なぜ殺すのかという疑問については、犯人は74枚に及ぶ、憎悪に満ちた文書に「移民でイスラム教徒だから」とその理不尽な理由を並べ立てている。容疑者のまとまりのない独り言や事実誤認が羅列されたその文書には、イスラム教徒が白人を抹殺するという陰謀論が繰り返されていた。今や世界的現象にまでなった、イスラモフォビア(イスラム恐怖症)がもたらした残忍な犯行だった。
ジャシンダ・アーダーン首相は16日、クライストチャーチを訪問して記者会見し「これはわれわれが知るニュージーランドではない。あなたたち(被害を受けたイスラム教徒)は私たちである」とイスラム教徒への最大限の連帯感を行動で示した。日本と同じ島国で「安全な国」の1つだったニュージーランドでは今も、テロの標的となったことの衝撃が続く。ニュージーランドのイスラム教徒は全人口の1%にも満たないという。「私は、イスラム教徒でニュージーランドの警察リーダーの1人であることを誇りに思う」と、事件後にある女性警官が涙をしながら挨拶する姿に文字通り世界は泣いた。
排他的ヘイトスピーチとの関係
今回の事件は極めて平和な社会で起きた。200の民族と160の言語からなる包摂的な国ニュージーランド。人を歓迎する国というのも世界の定評だ。普段は国際ニュースにもほとんど登場しないニュージーランドでこのような痛ましい事件が起きたのも、多くの人にとって衝撃的だったろう。

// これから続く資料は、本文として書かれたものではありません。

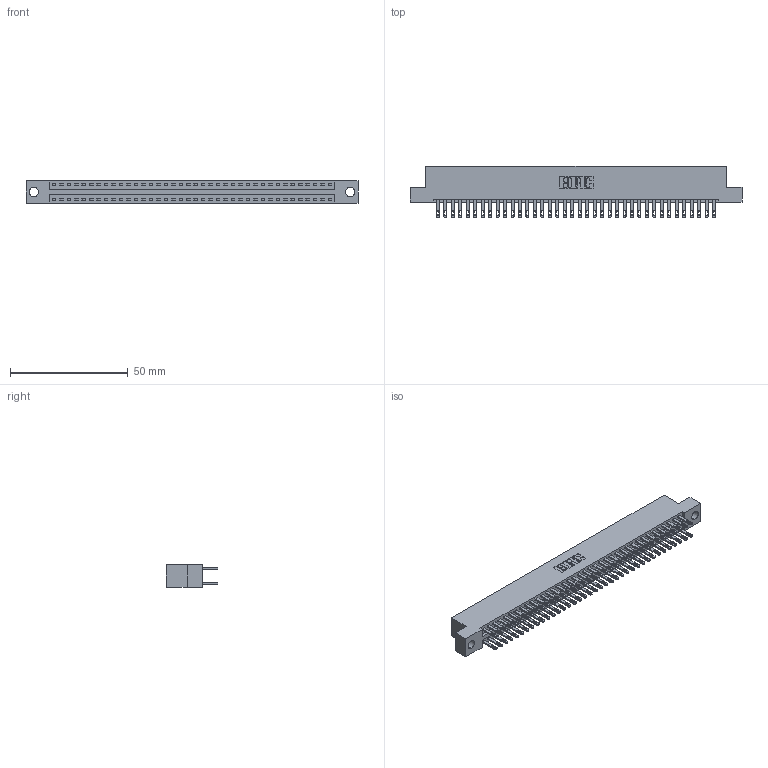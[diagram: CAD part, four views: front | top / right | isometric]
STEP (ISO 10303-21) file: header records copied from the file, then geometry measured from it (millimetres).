
FILE_DESCRIPTION (( 'STEP AP203' ), '1' );
FILE_NAME ('346-076-500-204.STEP', '2018-08-29T03:23:23', ( '' ), ( '' ), 'SwSTEP 2.0', 'SolidWorks 2016', '' );
FILE_SCHEMA (( 'CONFIG_CONTROL_DESIGN' ));
Length unit declared in the file: inch
Products named in the file (3): 345-292-001_345-293-100; 346-076-500-204; 346 Part_Flush Mounting Lugs - 0.156 Dia-TH
Assembly tree (77 placements, depth 2):
  346-076-500-204
    346 Part_Flush Mounting Lugs - 0.156 Dia-TH
    345-292-001_345-293-100  x76
Bounding box: 141.22 x 21.84 x 9.4 mm (x, y, z)
Volume: 13884.4 mm3; surface area: 19631 mm2
Topology: 77 solids, 77 shells, 3770 faces, 11501 edges, 7666 vertices
Faces by surface type: plane 2280, cylinder 1490
Entity records: 25271 total; most frequent: CARTESIAN_POINT 4168, ORIENTED_EDGE 4102, DIRECTION 3727, EDGE_CURVE 2051, VECTOR 1763, LINE 1763, VERTEX_POINT 1366, AXIS2_PLACEMENT_3D 982

ニュージーランドにとっての唯一の救いとなったのは、事件の実行犯がニュージーランド人ではないこと。彼はオーストラリア人である。
地政学的視点からも、事件を考えていく必要がある。今回の事件と欧米諸国で極右勢力が起こしているヘイトスピーチは、全く関係のないものではない。問題の根は深くつながっている。テロの最大の動機は「周りの環境とその社会に対する不満」だとされる。そしてそれを制するのは、一般の人々の「共感」と「否定」の動向だと私は考える。「共感」は一般に良い意味で用いられるが、過激な思想や言動に「共感」するというネガティブなものもある。また、同じように相手を否定することで自分を肯定する排他的ヘイトスピーチもある。人間の基本的感情の一つである「共感」と「否定」は人をまとめることもあれば、人を分断することもできる。場合によって、「共感」と「否定」は紙一重だと言える。
約100人を死傷させた実行犯は、移民、特にイスラム教徒を拒絶する極右過激主義に特有の用語や画像を多用していた。犯人が共鳴している白人至上主義者や右翼勢力は憎悪に満ちた表現や画像を拡散するなどヘイトスピーチ活動をしながら、過激主義だと非難されないように常に正体を偽っていた。しかし、彼らの憎しみはもはや言葉にとどまらず、ますます極悪非道へと傾いていく新たな段階に突入したようだ。そして、彼らの活動を容認する極右の政治的運動や、世論の理解も進んでいるように思える。
反移民や白人至上主義を掲げる欧米各国の極右勢力は、なぜ移民やイスラム教徒に対して憎悪の念を抱くのだろうか。